Problem to solve:
When you find the line with "Constant : Constant" among the records below, reproduce it and each line after it exactly, ending with the line with "Ramp/1 -> Gauss Input/1".

Excerpted data:
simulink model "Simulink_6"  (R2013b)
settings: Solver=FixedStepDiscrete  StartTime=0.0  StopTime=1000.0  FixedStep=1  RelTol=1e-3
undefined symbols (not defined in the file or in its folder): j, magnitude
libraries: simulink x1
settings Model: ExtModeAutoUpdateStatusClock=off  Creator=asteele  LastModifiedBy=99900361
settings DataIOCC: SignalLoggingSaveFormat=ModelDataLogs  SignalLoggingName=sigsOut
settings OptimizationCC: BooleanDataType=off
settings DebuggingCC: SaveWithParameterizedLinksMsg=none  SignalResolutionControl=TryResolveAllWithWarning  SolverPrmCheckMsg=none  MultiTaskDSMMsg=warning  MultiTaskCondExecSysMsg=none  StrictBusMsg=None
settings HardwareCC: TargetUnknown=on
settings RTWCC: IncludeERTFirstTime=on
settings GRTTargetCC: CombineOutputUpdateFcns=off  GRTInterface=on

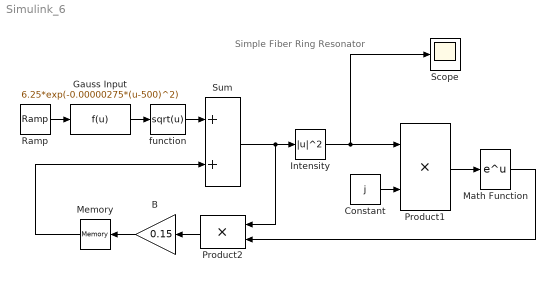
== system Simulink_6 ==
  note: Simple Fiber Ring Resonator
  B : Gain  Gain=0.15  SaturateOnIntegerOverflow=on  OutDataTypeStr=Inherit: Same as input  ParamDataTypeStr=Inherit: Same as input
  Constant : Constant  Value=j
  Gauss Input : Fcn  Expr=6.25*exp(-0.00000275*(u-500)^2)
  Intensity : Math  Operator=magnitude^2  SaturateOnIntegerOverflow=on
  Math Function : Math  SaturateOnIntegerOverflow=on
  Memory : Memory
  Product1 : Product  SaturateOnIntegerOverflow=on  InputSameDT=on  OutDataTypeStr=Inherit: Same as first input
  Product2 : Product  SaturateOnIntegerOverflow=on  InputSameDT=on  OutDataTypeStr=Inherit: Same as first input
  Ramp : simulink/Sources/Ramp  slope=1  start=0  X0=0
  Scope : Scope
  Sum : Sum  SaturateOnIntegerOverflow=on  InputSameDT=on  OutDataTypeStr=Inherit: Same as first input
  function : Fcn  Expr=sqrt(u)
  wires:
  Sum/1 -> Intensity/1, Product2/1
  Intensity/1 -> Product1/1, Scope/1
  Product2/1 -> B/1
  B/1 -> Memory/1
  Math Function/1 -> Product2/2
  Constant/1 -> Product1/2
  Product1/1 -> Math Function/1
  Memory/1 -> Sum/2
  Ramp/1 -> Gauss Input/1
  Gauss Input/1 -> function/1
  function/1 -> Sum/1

Solution for this problem:
  Constant : Constant  Value=j
  Gauss Input : Fcn  Expr=6.25*exp(-0.00000275*(u-500)^2)
  Intensity : Math  Operator=magnitude^2  SaturateOnIntegerOverflow=on
  Math Function : Math  SaturateOnIntegerOverflow=on
  Memory : Memory
  Product1 : Product  SaturateOnIntegerOverflow=on  InputSameDT=on  OutDataTypeStr=Inherit: Same as first input
  Product2 : Product  SaturateOnIntegerOverflow=on  InputSameDT=on  OutDataTypeStr=Inherit: Same as first input
  Ramp : simulink/Sources/Ramp  slope=1  start=0  X0=0
  Scope : Scope
  Sum : Sum  SaturateOnIntegerOverflow=on  InputSameDT=on  OutDataTypeStr=Inherit: Same as first input
  function : Fcn  Expr=sqrt(u)
  wires:
  Sum/1 -> Intensity/1, Product2/1
  Intensity/1 -> Product1/1, Scope/1
  Product2/1 -> B/1
  B/1 -> Memory/1
  Math Function/1 -> Product2/2
  Constant/1 -> Product1/2
  Product1/1 -> Math Function/1
  Memory/1 -> Sum/2
  Ramp/1 -> Gauss Input/1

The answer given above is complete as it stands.